◆ **WHAT TO PRODUCE**
Write out again, exactly as they stand, the line that includes "point P10 (51.2976, -1.452)" and all remaining lines of the entries.

[Dataset items]
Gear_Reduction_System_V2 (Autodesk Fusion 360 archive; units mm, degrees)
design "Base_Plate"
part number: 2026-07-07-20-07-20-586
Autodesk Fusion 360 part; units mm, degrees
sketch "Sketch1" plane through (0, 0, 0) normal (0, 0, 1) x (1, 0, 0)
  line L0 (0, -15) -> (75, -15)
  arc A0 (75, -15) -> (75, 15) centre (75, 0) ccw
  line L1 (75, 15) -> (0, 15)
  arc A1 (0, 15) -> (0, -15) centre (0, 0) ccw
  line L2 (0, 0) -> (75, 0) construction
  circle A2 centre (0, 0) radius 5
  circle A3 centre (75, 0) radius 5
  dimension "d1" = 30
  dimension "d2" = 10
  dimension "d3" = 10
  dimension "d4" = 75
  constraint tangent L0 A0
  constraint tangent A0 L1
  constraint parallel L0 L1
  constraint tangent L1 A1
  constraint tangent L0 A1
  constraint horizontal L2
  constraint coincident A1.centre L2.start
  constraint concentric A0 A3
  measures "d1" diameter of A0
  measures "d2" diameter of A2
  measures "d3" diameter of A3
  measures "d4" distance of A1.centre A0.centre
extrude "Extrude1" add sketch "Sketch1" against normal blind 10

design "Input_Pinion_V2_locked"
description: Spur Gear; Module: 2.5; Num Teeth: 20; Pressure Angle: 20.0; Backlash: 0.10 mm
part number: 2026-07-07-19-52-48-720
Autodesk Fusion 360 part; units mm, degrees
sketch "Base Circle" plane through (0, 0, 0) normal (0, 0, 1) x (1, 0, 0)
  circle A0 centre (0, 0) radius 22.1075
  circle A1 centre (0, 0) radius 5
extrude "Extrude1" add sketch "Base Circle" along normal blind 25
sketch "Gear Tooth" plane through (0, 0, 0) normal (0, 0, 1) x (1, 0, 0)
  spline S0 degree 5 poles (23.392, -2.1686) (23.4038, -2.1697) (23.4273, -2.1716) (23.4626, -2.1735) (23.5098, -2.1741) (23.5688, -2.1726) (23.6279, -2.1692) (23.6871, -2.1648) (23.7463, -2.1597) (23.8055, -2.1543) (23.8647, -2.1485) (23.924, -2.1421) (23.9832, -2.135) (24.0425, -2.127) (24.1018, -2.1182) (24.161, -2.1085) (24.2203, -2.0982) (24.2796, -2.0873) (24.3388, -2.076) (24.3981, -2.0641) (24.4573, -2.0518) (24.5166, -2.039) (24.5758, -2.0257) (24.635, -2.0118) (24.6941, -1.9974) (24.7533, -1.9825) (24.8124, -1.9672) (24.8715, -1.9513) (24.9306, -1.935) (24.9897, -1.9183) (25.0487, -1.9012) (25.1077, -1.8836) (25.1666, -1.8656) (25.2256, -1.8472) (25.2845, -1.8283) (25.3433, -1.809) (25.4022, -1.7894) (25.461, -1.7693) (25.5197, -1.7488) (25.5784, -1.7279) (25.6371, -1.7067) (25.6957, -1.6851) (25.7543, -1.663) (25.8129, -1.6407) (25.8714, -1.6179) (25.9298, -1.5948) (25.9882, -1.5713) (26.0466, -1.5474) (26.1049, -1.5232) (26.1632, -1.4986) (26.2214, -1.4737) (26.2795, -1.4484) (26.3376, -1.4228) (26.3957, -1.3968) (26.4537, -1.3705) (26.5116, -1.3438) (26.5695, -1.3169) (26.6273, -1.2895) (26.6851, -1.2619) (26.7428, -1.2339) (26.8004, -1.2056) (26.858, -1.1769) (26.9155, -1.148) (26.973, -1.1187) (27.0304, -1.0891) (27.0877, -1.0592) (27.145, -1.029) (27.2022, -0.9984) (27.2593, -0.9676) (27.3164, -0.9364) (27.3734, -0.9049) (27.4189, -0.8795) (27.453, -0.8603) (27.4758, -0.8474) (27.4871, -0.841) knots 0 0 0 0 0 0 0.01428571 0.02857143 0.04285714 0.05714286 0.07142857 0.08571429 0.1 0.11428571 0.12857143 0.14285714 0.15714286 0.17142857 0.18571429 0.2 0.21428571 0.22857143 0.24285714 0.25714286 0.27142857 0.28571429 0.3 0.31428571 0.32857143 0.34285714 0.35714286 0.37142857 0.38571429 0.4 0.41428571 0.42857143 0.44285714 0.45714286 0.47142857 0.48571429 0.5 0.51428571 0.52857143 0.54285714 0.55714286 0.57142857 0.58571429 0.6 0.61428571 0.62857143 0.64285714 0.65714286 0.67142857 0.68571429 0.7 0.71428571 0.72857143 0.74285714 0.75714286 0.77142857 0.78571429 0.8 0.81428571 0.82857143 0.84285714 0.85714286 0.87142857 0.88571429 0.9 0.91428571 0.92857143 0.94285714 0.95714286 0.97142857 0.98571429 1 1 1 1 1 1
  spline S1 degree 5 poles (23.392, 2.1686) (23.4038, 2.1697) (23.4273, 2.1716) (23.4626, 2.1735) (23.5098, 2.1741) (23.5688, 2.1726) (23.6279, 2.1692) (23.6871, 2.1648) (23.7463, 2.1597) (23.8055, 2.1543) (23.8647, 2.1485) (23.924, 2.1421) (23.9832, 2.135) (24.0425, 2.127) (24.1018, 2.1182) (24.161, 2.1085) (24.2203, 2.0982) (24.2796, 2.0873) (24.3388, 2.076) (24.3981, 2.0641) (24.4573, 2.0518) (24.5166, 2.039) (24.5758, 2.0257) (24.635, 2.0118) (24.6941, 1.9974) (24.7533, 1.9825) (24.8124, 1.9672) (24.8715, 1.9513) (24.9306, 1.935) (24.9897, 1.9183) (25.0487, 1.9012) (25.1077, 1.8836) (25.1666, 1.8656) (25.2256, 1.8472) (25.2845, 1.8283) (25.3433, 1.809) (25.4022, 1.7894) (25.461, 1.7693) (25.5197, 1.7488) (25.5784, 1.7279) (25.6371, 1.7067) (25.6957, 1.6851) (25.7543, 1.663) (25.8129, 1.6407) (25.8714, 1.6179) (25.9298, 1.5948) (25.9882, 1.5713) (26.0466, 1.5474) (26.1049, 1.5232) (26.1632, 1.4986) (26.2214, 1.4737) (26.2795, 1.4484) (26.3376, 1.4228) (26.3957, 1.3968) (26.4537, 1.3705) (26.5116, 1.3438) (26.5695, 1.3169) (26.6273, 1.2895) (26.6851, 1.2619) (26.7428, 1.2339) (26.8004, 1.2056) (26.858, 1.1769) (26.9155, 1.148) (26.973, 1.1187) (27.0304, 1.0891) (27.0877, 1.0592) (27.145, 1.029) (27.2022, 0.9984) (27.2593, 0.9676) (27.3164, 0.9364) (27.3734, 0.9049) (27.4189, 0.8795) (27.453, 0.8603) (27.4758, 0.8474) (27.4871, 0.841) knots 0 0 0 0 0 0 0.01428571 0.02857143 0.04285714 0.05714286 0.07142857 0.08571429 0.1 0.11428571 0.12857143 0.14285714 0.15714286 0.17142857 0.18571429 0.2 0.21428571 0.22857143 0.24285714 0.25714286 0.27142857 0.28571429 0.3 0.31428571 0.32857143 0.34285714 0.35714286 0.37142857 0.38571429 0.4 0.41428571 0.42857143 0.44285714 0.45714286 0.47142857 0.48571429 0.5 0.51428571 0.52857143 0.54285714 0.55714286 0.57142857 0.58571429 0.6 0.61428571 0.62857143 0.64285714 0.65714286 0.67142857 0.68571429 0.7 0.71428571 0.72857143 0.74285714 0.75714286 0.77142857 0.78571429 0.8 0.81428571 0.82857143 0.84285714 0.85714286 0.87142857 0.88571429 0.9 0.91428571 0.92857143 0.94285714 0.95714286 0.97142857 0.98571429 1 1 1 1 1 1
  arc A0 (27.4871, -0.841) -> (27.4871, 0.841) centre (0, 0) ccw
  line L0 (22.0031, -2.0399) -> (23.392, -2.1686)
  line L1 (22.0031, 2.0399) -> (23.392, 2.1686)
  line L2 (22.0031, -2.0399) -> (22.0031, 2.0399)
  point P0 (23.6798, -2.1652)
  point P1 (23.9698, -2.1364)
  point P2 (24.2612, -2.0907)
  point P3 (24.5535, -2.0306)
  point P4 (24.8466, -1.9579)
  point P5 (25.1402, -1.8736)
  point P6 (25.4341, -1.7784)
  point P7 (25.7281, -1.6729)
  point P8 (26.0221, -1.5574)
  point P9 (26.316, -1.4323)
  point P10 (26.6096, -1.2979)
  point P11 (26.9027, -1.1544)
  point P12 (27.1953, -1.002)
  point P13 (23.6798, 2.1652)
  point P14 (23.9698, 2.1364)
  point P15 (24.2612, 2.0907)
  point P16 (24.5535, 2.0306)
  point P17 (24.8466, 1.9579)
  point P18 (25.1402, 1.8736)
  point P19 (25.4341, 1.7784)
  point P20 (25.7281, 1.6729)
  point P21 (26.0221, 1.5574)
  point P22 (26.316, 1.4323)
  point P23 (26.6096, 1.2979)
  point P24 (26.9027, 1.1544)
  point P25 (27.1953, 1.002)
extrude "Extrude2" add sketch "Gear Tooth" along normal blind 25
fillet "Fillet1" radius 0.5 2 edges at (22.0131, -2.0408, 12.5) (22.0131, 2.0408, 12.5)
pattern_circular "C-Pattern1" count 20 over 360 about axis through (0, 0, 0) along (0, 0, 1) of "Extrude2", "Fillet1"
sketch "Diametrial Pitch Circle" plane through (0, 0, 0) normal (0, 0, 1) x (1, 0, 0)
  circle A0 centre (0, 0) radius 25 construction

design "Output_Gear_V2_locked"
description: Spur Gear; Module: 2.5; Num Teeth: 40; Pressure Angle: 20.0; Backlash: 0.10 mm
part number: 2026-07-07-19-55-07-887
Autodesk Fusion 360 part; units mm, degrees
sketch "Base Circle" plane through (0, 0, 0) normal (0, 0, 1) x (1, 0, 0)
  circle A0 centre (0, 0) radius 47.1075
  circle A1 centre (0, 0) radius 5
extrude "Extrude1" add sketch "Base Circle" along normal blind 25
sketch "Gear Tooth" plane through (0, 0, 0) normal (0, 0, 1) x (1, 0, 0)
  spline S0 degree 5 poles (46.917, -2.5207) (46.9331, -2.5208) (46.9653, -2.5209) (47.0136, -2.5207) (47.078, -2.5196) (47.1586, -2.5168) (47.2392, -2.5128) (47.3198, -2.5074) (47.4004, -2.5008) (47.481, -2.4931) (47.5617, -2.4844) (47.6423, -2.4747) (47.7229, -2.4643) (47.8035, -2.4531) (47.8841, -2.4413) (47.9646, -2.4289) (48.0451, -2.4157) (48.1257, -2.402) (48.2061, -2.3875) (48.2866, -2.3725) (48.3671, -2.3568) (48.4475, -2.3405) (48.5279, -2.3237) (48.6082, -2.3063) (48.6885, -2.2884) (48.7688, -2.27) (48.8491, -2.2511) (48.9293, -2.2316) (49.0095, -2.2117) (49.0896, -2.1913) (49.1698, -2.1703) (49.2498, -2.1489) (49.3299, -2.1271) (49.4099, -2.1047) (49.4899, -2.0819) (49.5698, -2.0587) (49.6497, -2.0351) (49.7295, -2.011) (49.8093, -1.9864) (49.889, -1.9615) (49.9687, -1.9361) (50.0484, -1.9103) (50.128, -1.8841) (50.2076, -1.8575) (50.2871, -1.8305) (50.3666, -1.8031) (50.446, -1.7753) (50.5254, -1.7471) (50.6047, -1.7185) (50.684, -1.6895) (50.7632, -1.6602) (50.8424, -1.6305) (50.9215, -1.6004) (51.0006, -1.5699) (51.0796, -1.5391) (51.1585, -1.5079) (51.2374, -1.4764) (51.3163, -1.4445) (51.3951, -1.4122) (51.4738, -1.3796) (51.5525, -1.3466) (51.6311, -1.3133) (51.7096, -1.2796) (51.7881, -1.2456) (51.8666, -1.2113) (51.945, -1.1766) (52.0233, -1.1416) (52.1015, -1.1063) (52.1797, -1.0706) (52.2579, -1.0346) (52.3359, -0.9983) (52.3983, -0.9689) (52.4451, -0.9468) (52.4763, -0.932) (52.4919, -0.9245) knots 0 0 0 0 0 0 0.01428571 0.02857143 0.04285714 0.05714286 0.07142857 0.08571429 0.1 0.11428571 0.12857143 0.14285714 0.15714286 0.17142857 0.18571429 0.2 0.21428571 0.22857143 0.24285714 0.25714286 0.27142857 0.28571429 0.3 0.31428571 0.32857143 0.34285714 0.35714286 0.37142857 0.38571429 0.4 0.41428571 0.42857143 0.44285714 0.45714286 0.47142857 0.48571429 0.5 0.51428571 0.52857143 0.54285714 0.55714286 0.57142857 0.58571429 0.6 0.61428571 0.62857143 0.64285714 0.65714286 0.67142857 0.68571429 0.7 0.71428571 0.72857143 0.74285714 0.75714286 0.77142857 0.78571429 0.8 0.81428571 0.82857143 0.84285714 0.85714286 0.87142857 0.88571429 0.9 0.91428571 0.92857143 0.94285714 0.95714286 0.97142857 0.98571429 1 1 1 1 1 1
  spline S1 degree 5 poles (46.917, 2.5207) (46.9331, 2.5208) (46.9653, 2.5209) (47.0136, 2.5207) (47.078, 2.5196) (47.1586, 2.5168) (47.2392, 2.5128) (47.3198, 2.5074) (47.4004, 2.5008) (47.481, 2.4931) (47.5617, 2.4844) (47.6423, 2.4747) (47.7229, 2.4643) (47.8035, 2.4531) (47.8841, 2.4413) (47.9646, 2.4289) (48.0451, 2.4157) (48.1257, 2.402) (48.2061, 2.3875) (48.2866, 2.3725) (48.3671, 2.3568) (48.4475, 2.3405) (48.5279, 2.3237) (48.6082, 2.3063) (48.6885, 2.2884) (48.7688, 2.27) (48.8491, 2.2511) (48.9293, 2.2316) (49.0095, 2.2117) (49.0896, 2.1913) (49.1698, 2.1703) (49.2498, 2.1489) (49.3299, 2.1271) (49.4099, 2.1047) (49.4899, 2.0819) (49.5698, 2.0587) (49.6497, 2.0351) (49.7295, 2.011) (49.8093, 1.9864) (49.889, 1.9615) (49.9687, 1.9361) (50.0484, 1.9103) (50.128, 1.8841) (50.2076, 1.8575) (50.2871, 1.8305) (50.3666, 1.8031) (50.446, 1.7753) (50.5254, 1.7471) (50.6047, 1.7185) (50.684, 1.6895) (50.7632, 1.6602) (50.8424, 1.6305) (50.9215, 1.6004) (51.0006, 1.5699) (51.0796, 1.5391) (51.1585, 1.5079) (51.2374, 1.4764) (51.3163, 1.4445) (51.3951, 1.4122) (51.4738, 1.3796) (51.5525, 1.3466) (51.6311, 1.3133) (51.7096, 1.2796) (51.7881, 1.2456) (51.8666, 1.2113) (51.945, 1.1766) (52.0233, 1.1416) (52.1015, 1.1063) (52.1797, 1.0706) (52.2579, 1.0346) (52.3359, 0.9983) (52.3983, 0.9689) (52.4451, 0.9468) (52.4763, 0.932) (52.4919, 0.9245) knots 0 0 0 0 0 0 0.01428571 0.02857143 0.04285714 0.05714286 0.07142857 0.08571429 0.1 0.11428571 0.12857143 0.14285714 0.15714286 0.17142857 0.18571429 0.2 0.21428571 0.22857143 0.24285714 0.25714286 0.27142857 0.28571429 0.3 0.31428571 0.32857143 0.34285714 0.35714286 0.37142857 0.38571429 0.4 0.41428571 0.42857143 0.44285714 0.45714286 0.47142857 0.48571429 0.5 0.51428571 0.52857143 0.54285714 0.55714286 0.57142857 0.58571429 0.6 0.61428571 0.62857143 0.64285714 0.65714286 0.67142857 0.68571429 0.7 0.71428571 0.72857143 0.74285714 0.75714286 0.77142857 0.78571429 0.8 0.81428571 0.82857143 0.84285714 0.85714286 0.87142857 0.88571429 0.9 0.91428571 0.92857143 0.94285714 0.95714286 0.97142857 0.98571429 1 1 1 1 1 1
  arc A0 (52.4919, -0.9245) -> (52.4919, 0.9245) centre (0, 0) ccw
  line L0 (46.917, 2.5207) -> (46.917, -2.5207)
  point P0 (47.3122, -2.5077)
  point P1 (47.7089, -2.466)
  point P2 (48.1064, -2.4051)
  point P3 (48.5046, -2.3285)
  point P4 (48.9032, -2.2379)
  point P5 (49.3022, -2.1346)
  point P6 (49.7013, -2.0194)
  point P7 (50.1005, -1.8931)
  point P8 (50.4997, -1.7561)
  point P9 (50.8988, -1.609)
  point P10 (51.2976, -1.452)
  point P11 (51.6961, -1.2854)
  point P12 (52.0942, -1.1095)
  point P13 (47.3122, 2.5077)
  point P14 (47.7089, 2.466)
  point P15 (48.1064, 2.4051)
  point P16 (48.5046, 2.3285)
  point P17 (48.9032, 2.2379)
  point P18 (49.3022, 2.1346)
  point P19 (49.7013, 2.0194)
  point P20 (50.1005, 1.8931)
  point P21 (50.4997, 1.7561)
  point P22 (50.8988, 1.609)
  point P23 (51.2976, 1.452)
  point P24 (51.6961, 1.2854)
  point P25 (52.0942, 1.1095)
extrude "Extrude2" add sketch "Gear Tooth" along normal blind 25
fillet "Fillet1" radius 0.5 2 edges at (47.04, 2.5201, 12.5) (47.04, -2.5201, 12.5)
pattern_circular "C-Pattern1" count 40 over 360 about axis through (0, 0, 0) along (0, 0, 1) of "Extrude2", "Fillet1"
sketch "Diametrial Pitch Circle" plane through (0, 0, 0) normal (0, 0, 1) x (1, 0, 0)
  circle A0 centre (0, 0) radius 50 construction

◆ **COMPLETED EXERCISE**
  point P10 (51.2976, -1.452)
  point P11 (51.6961, -1.2854)
  point P12 (52.0942, -1.1095)
  point P13 (47.3122, 2.5077)
  point P14 (47.7089, 2.466)
  point P15 (48.1064, 2.4051)
  point P16 (48.5046, 2.3285)
  point P17 (48.9032, 2.2379)
  point P18 (49.3022, 2.1346)
  point P19 (49.7013, 2.0194)
  point P20 (50.1005, 1.8931)
  point P21 (50.4997, 1.7561)
  point P22 (50.8988, 1.609)
  point P23 (51.2976, 1.452)
  point P24 (51.6961, 1.2854)
  point P25 (52.0942, 1.1095)
extrude "Extrude2" add sketch "Gear Tooth" along normal blind 25
fillet "Fillet1" radius 0.5 2 edges at (47.04, 2.5201, 12.5) (47.04, -2.5201, 12.5)
pattern_circular "C-Pattern1" count 40 over 360 about axis through (0, 0, 0) along (0, 0, 1) of "Extrude2", "Fillet1"
sketch "Diametrial Pitch Circle" plane through (0, 0, 0) normal (0, 0, 1) x (1, 0, 0)
  circle A0 centre (0, 0) radius 50 construction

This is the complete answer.